• PROBLEM TO SOLVE: Go through the lines below. Copy those with "инфузионных".

• DATA RECORDS:
↓↓↓
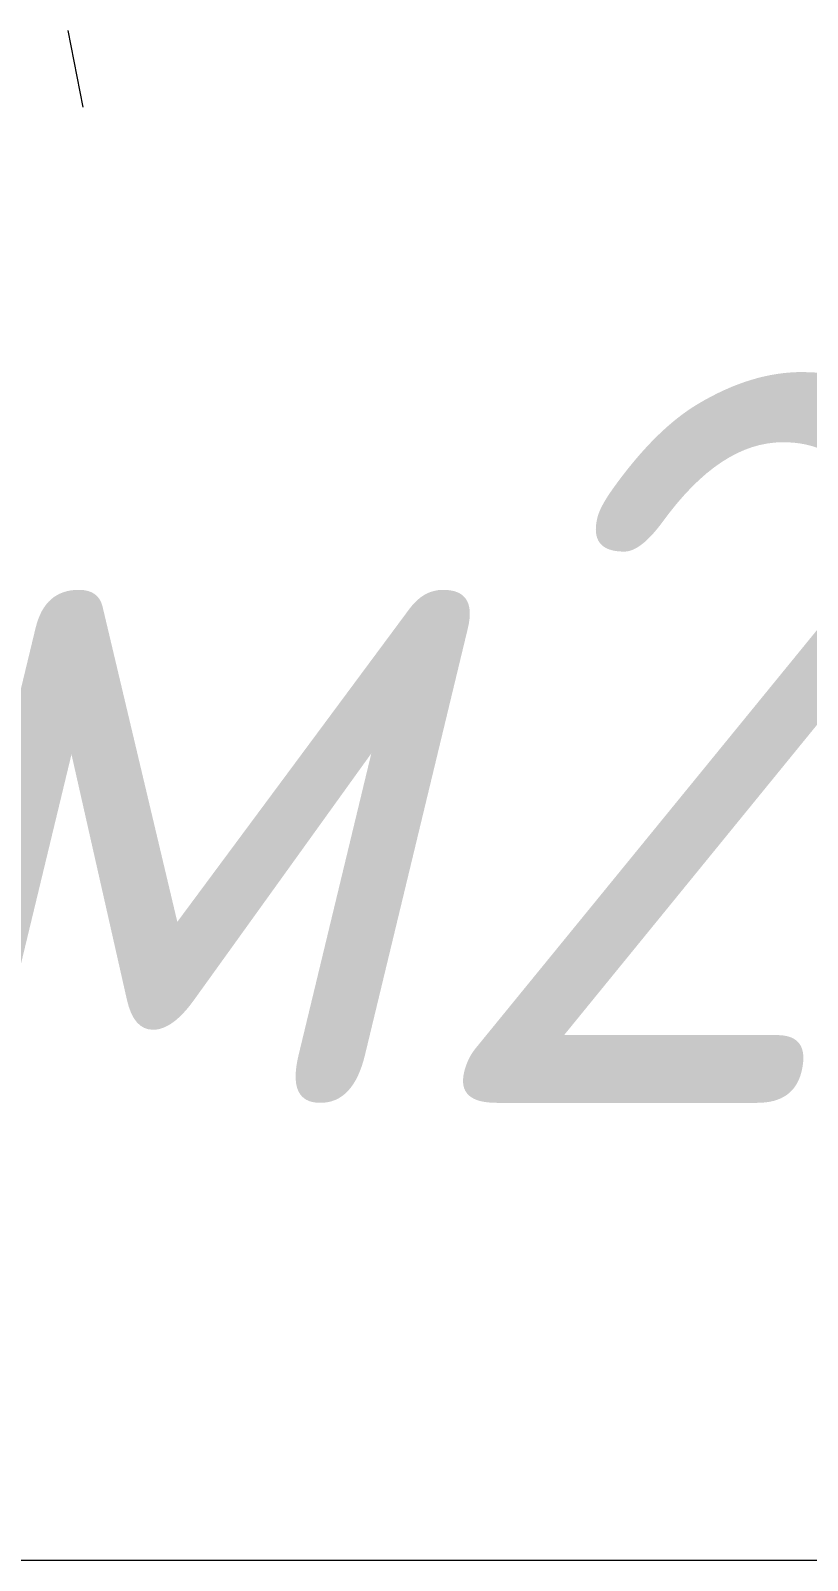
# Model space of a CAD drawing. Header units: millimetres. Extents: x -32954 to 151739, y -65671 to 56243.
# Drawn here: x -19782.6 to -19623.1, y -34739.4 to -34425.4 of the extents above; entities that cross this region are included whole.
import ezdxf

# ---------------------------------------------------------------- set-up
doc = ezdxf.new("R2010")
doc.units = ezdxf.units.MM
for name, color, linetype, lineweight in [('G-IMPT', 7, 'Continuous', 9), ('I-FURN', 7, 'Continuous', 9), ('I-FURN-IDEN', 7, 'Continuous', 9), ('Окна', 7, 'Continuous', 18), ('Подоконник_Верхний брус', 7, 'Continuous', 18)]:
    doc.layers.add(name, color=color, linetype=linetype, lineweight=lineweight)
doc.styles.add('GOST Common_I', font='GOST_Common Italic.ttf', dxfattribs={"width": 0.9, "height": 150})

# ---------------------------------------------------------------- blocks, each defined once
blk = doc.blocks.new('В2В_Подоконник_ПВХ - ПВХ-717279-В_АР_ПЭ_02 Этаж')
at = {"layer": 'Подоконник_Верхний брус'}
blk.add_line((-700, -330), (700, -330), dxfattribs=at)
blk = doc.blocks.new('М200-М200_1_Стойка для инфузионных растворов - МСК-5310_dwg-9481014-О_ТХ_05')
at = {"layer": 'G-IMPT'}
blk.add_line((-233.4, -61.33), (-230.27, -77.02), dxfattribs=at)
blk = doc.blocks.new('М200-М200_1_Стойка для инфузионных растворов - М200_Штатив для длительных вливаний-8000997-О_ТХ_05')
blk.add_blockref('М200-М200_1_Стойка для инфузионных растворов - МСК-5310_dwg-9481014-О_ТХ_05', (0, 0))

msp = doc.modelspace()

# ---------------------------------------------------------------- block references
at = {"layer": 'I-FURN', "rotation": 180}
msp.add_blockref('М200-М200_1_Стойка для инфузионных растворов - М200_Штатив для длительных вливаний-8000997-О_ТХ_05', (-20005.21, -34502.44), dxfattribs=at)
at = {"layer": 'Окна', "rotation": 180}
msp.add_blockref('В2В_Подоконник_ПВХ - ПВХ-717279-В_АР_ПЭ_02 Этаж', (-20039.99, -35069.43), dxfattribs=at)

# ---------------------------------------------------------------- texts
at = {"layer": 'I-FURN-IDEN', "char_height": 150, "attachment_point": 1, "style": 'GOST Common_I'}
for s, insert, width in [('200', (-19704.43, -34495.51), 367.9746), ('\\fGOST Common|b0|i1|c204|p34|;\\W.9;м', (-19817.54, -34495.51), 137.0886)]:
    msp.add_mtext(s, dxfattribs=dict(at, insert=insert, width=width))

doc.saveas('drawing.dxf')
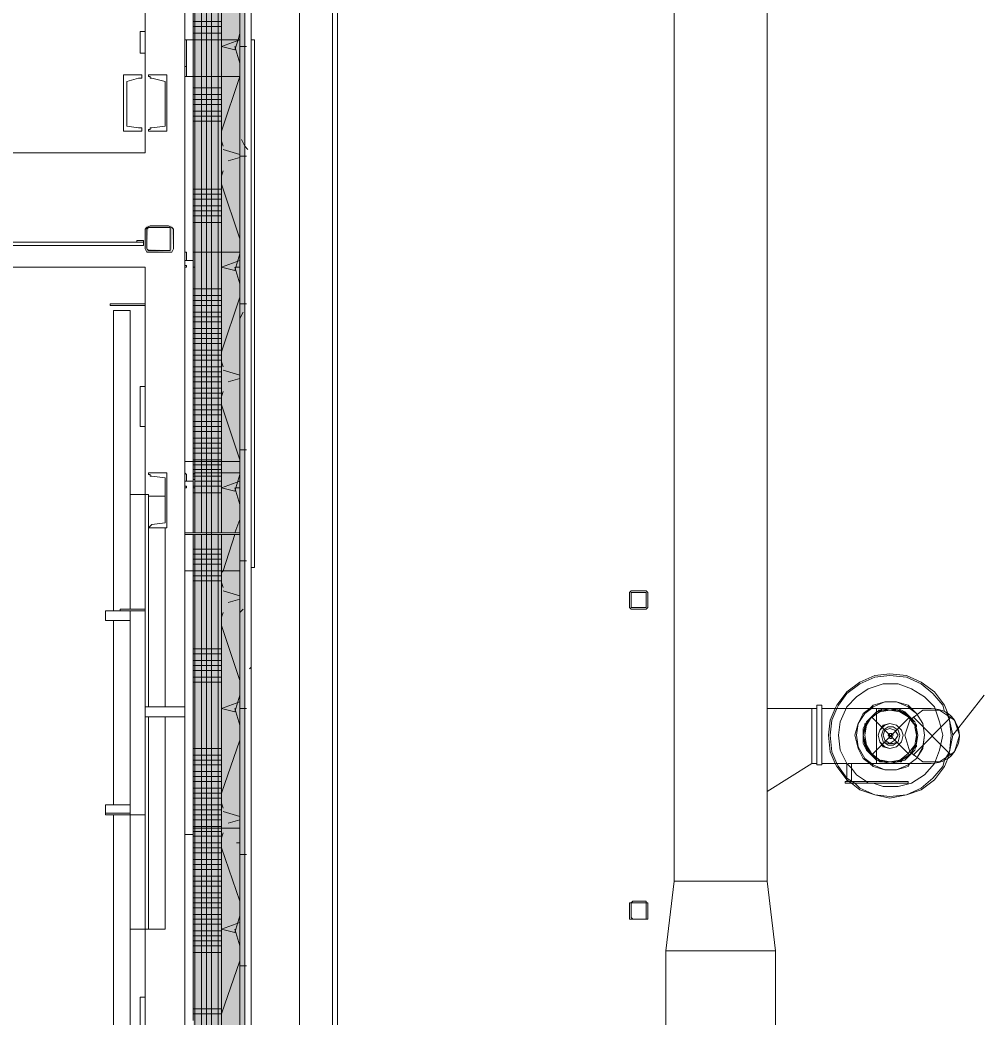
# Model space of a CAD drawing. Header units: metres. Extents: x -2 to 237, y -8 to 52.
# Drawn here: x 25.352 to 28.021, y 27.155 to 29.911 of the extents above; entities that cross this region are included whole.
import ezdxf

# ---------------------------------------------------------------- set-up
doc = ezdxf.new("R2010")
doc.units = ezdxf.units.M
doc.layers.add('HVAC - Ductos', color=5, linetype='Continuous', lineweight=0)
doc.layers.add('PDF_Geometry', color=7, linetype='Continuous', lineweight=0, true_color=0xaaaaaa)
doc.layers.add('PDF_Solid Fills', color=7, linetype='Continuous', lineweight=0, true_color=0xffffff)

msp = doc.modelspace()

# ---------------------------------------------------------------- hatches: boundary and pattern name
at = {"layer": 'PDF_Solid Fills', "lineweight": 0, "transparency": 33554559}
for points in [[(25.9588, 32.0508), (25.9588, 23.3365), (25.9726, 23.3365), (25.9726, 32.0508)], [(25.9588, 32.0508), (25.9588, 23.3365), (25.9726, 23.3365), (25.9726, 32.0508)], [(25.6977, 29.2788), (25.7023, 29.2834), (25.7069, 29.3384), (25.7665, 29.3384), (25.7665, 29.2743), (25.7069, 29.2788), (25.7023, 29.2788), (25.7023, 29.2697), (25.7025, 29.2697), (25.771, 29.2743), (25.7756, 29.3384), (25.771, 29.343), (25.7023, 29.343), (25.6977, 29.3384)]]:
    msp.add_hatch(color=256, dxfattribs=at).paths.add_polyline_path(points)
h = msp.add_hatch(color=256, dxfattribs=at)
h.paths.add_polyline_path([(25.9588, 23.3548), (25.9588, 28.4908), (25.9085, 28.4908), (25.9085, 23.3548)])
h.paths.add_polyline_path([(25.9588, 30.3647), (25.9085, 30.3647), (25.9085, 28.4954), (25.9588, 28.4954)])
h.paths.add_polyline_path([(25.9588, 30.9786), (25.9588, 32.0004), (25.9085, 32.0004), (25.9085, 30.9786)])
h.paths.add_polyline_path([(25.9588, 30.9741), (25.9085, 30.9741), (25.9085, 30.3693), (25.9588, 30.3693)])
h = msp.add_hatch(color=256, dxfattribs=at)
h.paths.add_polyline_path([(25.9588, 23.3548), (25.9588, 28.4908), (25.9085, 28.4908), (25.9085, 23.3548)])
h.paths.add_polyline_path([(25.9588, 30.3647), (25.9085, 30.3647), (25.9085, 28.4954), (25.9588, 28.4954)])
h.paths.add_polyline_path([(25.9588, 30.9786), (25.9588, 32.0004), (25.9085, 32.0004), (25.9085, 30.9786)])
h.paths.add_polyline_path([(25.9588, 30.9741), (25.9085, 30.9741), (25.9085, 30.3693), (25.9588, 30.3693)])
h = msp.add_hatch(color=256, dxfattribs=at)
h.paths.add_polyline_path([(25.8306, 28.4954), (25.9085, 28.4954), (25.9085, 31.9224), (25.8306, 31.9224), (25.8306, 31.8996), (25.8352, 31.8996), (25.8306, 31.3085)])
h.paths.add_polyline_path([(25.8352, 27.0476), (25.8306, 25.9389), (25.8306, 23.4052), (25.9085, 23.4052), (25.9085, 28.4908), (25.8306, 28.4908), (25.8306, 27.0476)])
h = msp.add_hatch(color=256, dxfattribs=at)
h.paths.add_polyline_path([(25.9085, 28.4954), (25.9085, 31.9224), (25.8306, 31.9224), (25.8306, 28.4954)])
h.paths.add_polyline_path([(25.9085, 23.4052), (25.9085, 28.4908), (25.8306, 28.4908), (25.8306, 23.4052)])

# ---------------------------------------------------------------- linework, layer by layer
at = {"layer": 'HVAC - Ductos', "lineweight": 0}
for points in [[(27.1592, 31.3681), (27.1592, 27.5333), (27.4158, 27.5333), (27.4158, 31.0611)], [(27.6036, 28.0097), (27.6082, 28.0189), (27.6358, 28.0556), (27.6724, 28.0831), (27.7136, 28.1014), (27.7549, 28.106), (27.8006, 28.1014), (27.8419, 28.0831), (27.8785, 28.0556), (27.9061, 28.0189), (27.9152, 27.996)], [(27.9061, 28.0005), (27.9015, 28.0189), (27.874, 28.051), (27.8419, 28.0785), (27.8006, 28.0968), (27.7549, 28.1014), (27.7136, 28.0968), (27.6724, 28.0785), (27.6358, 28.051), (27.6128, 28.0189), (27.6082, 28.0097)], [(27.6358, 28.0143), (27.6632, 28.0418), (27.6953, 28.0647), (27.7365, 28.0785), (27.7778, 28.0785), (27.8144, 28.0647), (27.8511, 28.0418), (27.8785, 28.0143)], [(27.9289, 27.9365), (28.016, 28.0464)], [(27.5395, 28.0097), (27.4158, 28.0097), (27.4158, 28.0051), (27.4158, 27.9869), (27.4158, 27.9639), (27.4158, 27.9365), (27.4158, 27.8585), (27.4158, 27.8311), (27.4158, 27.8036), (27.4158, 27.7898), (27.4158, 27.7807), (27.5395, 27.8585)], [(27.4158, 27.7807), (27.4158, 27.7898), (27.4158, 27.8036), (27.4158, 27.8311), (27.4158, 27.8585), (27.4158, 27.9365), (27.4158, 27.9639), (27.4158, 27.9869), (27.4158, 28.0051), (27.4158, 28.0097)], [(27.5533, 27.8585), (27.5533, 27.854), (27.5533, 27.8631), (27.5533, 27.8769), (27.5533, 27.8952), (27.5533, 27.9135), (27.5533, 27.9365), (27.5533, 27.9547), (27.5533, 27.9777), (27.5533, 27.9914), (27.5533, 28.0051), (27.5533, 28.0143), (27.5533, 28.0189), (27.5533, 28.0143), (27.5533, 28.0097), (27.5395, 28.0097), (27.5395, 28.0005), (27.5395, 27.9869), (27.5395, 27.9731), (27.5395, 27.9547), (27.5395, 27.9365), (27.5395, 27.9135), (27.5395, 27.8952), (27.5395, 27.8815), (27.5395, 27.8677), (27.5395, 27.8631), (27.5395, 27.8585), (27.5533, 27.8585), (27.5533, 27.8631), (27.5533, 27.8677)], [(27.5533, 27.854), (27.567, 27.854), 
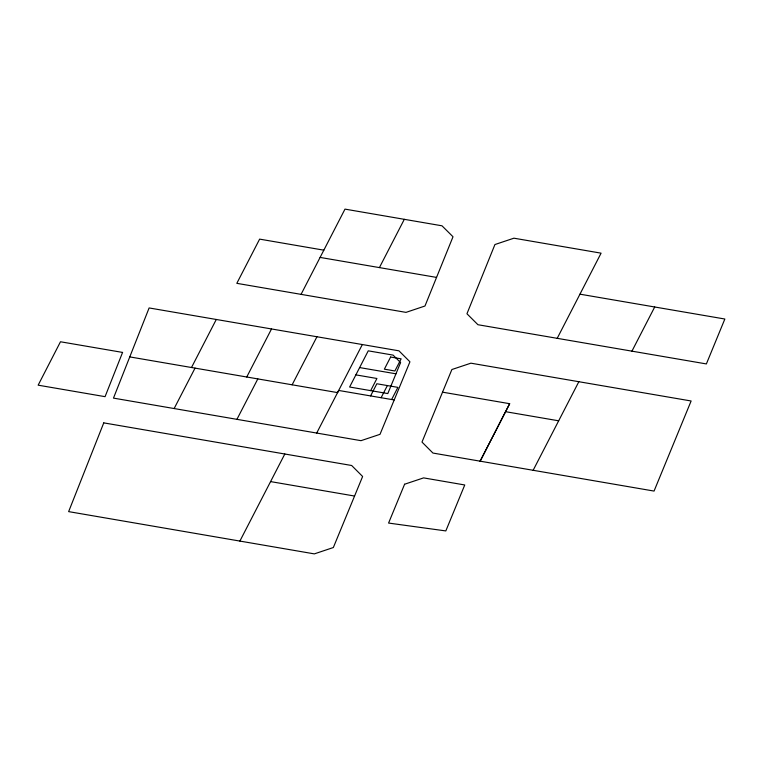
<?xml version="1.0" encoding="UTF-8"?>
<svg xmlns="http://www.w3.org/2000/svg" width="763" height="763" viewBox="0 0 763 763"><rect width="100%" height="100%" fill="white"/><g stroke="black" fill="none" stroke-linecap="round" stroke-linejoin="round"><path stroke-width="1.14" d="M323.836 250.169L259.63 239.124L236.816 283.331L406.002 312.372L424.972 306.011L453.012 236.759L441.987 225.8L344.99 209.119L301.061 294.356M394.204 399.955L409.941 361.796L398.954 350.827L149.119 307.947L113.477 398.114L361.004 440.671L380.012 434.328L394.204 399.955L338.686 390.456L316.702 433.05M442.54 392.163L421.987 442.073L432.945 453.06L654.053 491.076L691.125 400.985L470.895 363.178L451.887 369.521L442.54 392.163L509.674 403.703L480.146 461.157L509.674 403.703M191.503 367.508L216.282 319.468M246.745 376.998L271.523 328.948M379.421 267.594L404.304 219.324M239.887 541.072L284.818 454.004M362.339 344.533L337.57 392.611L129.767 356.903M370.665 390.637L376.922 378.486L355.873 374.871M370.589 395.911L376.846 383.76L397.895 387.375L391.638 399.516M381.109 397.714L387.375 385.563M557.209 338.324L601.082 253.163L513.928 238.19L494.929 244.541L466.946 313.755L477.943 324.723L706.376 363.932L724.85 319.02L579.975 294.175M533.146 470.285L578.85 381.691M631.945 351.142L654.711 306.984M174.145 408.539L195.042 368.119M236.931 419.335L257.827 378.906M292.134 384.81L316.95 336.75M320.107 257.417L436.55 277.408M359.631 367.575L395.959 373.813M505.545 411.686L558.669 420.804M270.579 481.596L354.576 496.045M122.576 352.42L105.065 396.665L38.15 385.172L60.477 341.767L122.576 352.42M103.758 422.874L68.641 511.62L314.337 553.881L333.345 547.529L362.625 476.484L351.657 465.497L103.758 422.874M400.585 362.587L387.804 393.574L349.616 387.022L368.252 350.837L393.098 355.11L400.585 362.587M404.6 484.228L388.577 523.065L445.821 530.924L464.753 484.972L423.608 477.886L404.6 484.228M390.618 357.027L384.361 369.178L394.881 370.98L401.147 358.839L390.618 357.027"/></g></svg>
↑↑↑
• ANSWER:
blk = doc.blocks.new('М200-М200_1_Стойка для инфузионных растворов - МСК-5310_dwg-9481014-О_ТХ_05')
blk = doc.blocks.new('М200-М200_1_Стойка для инфузионных растворов - М200_Штатив для длительных вливаний-8000997-О_ТХ_05')
blk.add_blockref('М200-М200_1_Стойка для инфузионных растворов - МСК-5310_dwg-9481014-О_ТХ_05', (0, 0))
msp.add_blockref('М200-М200_1_Стойка для инфузионных растворов - М200_Штатив для длительных вливаний-8000997-О_ТХ_05', (-20005.21, -34502.44), dxfattribs=at)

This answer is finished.